EXERCISE AIM → Word for word, transcribe the data below from the line with "Product1 : Product" to the line with "[EMCurr2] -> Product2/2", keeping both of those lines.

[[ RECORDS FOR THIS TASK open ]]

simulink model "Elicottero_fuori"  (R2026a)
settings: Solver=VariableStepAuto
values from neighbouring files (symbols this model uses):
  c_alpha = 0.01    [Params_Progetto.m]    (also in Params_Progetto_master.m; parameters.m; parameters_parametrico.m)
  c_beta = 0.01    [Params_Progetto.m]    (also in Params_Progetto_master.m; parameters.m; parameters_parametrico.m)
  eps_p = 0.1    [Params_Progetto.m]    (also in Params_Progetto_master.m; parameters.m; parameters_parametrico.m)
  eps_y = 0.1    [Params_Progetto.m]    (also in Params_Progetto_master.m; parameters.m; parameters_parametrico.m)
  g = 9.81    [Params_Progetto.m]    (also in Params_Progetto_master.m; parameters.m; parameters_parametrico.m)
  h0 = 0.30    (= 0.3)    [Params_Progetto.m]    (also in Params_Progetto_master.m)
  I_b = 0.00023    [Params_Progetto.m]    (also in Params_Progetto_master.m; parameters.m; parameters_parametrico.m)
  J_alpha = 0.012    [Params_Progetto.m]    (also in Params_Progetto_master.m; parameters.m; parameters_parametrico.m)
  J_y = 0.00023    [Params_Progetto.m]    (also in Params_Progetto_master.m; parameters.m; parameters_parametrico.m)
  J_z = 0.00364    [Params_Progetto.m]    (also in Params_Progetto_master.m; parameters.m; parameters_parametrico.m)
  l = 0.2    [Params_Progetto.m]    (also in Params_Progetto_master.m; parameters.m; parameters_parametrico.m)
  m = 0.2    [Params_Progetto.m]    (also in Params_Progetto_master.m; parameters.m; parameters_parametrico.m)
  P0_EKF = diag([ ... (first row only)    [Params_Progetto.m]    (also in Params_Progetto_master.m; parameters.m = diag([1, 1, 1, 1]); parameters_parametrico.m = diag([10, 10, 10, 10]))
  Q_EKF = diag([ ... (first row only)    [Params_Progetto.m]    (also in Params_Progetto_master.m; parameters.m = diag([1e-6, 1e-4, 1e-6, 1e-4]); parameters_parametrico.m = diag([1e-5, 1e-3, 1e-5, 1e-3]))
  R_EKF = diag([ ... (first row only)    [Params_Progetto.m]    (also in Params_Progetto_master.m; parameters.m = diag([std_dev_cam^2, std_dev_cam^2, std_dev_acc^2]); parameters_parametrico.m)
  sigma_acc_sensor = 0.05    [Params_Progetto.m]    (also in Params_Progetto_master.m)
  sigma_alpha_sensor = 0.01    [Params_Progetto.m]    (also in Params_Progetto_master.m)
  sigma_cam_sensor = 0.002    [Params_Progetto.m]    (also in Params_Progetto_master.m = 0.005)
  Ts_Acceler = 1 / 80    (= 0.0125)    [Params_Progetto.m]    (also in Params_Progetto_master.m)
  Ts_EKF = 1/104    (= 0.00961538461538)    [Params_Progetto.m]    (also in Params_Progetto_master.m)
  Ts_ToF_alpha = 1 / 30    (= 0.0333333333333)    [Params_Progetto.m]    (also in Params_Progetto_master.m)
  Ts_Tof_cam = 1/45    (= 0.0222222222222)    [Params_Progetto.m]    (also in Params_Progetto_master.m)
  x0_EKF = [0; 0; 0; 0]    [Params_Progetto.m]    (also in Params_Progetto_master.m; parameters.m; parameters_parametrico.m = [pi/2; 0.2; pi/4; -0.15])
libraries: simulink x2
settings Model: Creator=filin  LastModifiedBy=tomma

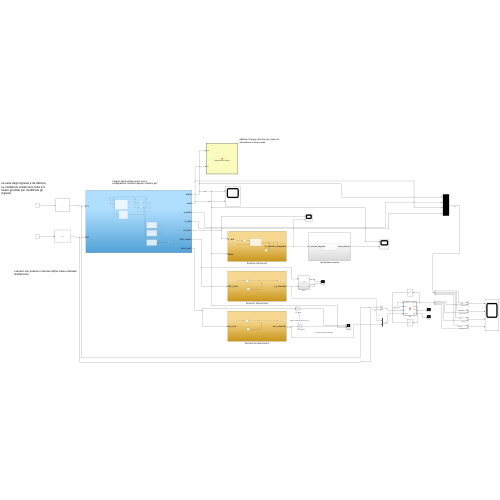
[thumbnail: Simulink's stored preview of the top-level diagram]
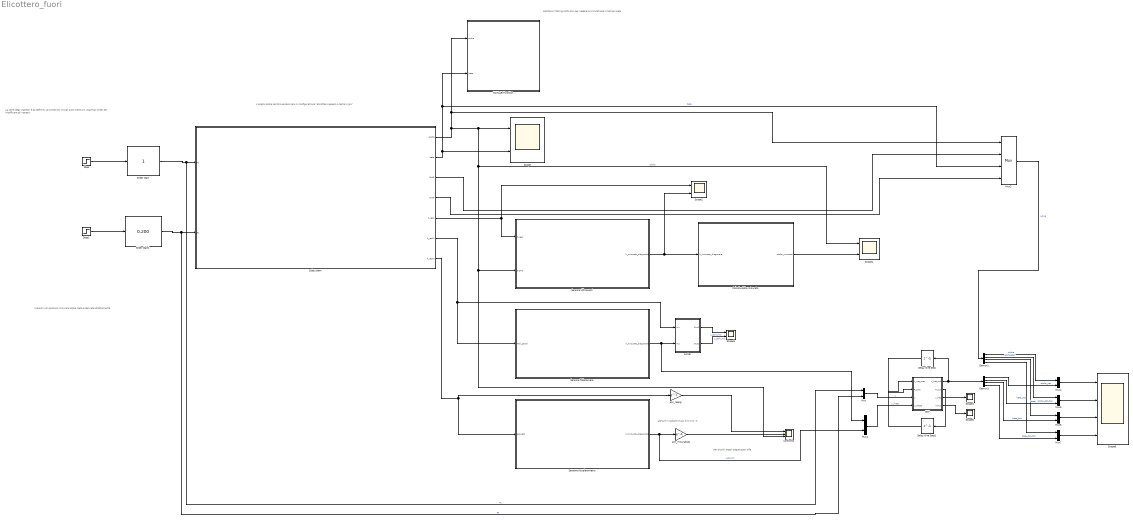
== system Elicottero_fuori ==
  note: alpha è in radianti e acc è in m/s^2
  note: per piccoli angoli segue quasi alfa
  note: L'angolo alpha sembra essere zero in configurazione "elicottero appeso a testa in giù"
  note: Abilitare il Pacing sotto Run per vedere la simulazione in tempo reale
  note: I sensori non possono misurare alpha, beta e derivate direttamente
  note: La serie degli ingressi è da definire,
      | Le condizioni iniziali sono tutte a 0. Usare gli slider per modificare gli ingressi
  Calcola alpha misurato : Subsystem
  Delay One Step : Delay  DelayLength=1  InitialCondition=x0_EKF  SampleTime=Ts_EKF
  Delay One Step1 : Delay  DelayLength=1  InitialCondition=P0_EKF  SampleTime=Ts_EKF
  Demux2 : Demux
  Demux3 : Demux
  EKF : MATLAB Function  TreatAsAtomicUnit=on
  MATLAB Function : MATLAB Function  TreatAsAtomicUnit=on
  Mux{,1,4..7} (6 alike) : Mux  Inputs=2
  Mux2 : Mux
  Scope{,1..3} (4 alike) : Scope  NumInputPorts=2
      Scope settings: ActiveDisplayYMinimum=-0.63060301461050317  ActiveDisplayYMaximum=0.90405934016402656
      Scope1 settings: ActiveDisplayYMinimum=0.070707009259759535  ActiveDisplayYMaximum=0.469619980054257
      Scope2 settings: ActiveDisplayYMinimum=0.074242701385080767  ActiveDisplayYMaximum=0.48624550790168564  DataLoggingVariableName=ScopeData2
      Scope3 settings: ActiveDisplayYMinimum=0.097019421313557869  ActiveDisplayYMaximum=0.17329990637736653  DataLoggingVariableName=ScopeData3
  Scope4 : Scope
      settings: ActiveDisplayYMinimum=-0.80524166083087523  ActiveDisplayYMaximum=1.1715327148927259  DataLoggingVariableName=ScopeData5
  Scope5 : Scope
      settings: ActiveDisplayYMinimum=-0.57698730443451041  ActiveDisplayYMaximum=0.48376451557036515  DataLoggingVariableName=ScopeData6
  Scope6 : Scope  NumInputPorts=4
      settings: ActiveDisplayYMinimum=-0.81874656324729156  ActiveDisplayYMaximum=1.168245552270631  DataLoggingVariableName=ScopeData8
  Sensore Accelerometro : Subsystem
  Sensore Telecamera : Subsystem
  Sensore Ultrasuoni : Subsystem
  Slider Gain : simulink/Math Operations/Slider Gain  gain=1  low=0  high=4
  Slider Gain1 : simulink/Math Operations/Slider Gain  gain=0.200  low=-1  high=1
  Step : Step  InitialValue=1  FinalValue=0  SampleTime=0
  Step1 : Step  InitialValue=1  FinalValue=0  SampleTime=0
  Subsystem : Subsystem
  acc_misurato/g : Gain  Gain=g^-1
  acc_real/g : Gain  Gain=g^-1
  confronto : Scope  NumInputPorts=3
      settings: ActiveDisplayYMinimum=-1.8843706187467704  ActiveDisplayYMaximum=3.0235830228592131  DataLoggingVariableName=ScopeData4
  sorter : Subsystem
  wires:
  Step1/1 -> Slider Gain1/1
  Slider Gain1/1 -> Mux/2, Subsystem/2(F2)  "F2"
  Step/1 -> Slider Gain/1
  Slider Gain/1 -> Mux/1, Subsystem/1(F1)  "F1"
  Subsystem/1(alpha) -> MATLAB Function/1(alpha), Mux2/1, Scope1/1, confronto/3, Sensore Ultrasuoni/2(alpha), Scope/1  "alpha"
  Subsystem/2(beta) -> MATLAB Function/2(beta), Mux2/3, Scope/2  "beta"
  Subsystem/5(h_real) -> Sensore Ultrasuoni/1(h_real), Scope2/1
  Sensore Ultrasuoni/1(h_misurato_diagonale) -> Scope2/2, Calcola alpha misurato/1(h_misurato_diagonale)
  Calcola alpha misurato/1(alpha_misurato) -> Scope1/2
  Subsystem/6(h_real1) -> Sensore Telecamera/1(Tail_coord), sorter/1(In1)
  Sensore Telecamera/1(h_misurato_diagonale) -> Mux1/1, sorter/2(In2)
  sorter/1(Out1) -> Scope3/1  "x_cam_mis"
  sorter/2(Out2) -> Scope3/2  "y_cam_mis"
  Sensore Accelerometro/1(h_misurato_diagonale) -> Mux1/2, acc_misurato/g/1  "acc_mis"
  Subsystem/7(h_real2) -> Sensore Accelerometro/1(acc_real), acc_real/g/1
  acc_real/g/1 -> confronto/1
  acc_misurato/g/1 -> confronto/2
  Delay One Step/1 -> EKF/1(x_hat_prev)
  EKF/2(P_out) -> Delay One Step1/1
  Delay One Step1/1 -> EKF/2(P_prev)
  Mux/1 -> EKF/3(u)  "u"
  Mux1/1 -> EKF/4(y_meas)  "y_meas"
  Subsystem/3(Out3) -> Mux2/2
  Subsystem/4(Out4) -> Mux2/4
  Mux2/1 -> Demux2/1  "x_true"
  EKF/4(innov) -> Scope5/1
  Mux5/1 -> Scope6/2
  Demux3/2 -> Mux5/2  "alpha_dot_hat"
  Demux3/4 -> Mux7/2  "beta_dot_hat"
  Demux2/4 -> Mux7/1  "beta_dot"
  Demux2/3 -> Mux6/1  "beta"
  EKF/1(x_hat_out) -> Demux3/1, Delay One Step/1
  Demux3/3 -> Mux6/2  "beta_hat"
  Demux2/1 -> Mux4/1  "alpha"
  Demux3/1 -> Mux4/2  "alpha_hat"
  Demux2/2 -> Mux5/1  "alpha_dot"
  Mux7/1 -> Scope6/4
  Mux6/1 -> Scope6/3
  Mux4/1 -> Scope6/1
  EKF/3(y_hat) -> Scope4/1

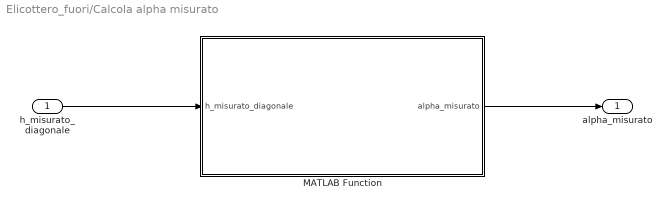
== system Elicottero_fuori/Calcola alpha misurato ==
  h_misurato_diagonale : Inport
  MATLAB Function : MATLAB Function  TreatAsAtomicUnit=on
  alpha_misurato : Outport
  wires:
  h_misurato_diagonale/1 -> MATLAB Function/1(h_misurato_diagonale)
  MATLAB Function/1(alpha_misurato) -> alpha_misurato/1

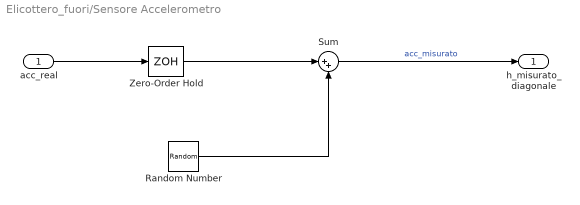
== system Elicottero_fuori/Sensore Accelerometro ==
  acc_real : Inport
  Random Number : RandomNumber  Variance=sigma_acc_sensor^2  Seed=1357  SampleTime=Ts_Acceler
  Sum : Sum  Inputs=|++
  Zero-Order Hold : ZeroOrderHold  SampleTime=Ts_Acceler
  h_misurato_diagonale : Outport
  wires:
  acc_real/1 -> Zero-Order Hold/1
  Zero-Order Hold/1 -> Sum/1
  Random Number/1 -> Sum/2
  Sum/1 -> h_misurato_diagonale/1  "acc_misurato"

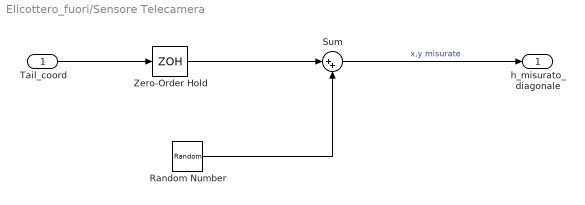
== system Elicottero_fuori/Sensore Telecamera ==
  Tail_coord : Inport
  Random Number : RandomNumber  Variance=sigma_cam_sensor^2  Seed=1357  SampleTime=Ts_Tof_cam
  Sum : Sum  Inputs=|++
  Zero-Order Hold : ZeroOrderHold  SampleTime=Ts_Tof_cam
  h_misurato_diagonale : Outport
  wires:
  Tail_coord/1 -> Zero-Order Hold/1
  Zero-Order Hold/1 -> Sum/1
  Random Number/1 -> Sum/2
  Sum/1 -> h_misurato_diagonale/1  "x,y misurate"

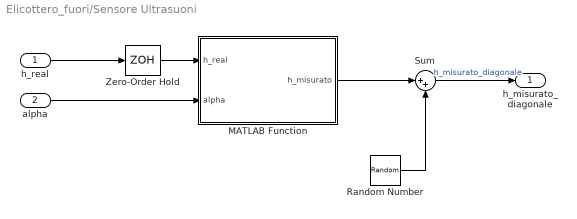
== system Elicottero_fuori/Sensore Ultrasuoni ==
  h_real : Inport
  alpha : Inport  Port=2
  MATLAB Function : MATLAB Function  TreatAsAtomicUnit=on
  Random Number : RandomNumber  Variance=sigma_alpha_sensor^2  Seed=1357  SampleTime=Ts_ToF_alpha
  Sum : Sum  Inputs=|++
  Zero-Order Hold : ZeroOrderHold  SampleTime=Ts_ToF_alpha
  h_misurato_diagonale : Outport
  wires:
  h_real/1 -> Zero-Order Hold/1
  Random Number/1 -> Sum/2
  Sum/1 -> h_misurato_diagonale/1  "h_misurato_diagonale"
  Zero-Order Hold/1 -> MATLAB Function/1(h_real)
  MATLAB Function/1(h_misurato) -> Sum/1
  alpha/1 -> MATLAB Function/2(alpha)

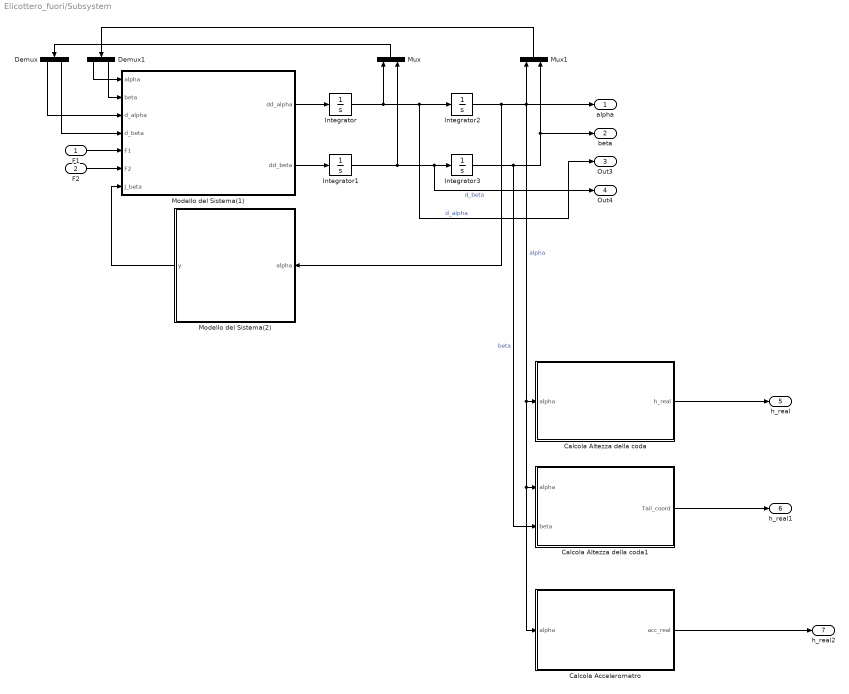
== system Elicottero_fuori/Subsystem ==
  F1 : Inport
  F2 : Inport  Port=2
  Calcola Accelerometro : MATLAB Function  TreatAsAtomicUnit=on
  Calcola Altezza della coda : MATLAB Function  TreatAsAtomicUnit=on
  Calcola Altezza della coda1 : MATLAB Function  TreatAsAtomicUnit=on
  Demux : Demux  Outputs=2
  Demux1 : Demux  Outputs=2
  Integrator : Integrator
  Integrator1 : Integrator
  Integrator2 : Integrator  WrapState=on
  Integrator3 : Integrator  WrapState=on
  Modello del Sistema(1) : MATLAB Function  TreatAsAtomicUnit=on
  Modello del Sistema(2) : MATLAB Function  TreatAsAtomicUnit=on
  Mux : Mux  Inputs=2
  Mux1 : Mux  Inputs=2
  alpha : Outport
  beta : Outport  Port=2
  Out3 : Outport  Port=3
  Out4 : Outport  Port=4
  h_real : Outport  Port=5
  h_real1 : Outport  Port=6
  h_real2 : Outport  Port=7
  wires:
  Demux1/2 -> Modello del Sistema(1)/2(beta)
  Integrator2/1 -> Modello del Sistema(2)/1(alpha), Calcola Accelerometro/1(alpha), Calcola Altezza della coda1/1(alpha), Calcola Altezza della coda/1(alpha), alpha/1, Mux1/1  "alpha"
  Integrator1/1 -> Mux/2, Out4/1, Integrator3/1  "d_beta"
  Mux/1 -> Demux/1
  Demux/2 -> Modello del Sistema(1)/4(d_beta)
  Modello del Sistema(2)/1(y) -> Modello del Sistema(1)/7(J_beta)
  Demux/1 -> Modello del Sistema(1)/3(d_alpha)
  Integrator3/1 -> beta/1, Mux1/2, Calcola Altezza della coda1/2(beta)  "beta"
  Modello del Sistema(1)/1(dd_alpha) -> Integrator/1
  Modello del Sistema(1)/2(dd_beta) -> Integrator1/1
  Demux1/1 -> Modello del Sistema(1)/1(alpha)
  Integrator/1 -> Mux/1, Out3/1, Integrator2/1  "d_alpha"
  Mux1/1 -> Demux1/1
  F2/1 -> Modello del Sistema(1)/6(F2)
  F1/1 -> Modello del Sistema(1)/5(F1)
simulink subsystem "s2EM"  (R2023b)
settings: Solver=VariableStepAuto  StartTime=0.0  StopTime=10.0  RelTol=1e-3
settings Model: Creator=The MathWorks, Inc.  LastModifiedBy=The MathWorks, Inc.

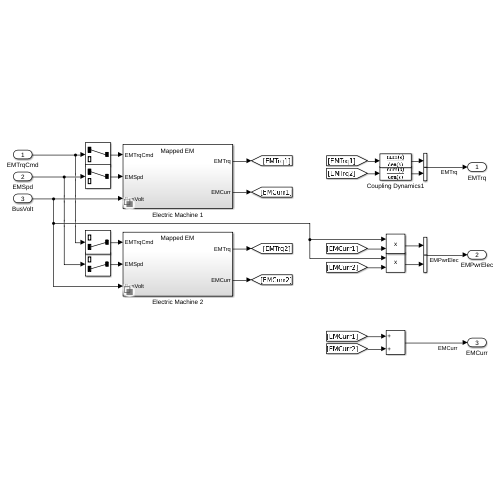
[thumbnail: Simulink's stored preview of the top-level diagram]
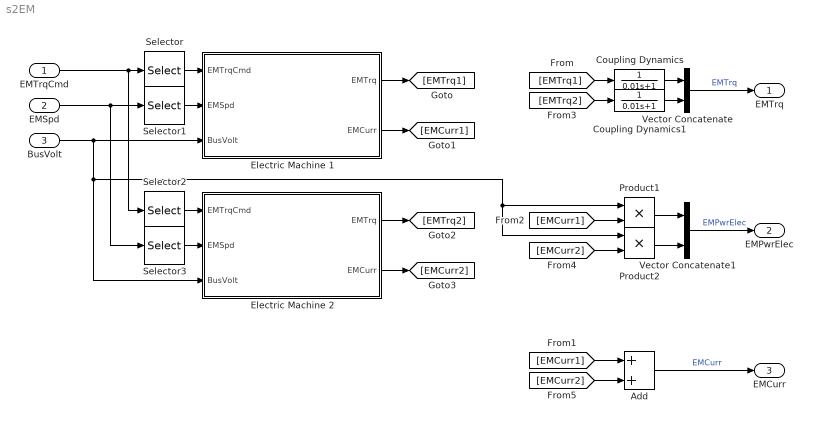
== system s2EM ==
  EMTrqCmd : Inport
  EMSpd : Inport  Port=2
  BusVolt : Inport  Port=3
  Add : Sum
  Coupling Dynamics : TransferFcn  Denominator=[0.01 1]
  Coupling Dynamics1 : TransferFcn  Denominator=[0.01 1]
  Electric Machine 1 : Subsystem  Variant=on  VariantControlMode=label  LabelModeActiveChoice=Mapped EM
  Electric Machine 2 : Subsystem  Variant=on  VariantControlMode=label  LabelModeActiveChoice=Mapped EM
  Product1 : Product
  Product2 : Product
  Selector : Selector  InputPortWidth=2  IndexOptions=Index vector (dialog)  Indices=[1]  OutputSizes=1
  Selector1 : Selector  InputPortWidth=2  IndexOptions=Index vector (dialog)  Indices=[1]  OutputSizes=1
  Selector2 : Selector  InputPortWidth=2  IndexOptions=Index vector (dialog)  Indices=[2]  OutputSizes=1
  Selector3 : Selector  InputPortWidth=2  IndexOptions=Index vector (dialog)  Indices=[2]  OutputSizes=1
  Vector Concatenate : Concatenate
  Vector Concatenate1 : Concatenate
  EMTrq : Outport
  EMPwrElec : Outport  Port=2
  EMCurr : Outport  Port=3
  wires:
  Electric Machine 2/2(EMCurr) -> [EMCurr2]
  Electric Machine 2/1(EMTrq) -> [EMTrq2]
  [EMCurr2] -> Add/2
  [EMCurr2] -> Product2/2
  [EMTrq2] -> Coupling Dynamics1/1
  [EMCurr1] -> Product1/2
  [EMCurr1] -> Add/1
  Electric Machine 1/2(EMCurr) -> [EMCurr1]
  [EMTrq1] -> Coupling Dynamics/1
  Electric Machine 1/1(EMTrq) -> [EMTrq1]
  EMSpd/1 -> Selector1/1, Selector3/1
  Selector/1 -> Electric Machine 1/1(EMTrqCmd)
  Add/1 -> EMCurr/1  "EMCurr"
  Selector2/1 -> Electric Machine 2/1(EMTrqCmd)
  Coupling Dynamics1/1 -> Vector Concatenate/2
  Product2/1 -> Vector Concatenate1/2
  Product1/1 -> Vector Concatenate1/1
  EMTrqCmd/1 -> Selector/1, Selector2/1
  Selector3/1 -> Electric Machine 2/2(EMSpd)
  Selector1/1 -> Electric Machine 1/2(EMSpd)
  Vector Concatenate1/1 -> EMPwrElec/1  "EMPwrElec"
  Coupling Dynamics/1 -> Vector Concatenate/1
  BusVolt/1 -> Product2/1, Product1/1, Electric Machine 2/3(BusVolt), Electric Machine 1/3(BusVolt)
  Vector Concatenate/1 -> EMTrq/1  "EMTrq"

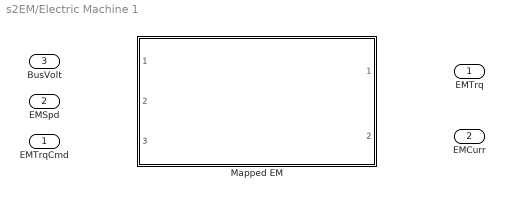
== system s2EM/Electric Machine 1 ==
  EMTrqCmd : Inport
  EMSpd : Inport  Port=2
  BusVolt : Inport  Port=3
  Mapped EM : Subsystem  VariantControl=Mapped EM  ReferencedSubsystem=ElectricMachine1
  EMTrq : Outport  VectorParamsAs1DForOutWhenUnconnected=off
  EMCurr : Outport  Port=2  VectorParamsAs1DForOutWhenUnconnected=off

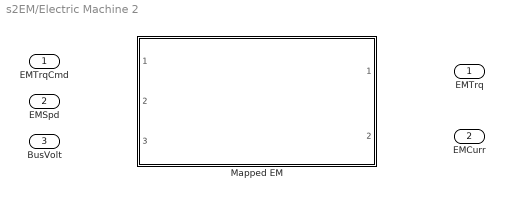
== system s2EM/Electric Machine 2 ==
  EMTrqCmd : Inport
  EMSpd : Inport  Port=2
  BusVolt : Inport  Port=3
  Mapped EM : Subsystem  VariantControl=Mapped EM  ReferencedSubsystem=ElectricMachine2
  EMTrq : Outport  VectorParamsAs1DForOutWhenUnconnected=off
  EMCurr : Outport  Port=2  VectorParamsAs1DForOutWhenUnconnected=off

[[ RECORDS FOR THIS TASK closed ]]

OUTPUT BELOW →
  Product1 : Product
  Product2 : Product
  Selector : Selector  InputPortWidth=2  IndexOptions=Index vector (dialog)  Indices=[1]  OutputSizes=1
  Selector1 : Selector  InputPortWidth=2  IndexOptions=Index vector (dialog)  Indices=[1]  OutputSizes=1
  Selector2 : Selector  InputPortWidth=2  IndexOptions=Index vector (dialog)  Indices=[2]  OutputSizes=1
  Selector3 : Selector  InputPortWidth=2  IndexOptions=Index vector (dialog)  Indices=[2]  OutputSizes=1
  Vector Concatenate : Concatenate
  Vector Concatenate1 : Concatenate
  EMTrq : Outport
  EMPwrElec : Outport  Port=2
  EMCurr : Outport  Port=3
  wires:
  Electric Machine 2/2(EMCurr) -> [EMCurr2]
  Electric Machine 2/1(EMTrq) -> [EMTrq2]
  [EMCurr2] -> Add/2
  [EMCurr2] -> Product2/2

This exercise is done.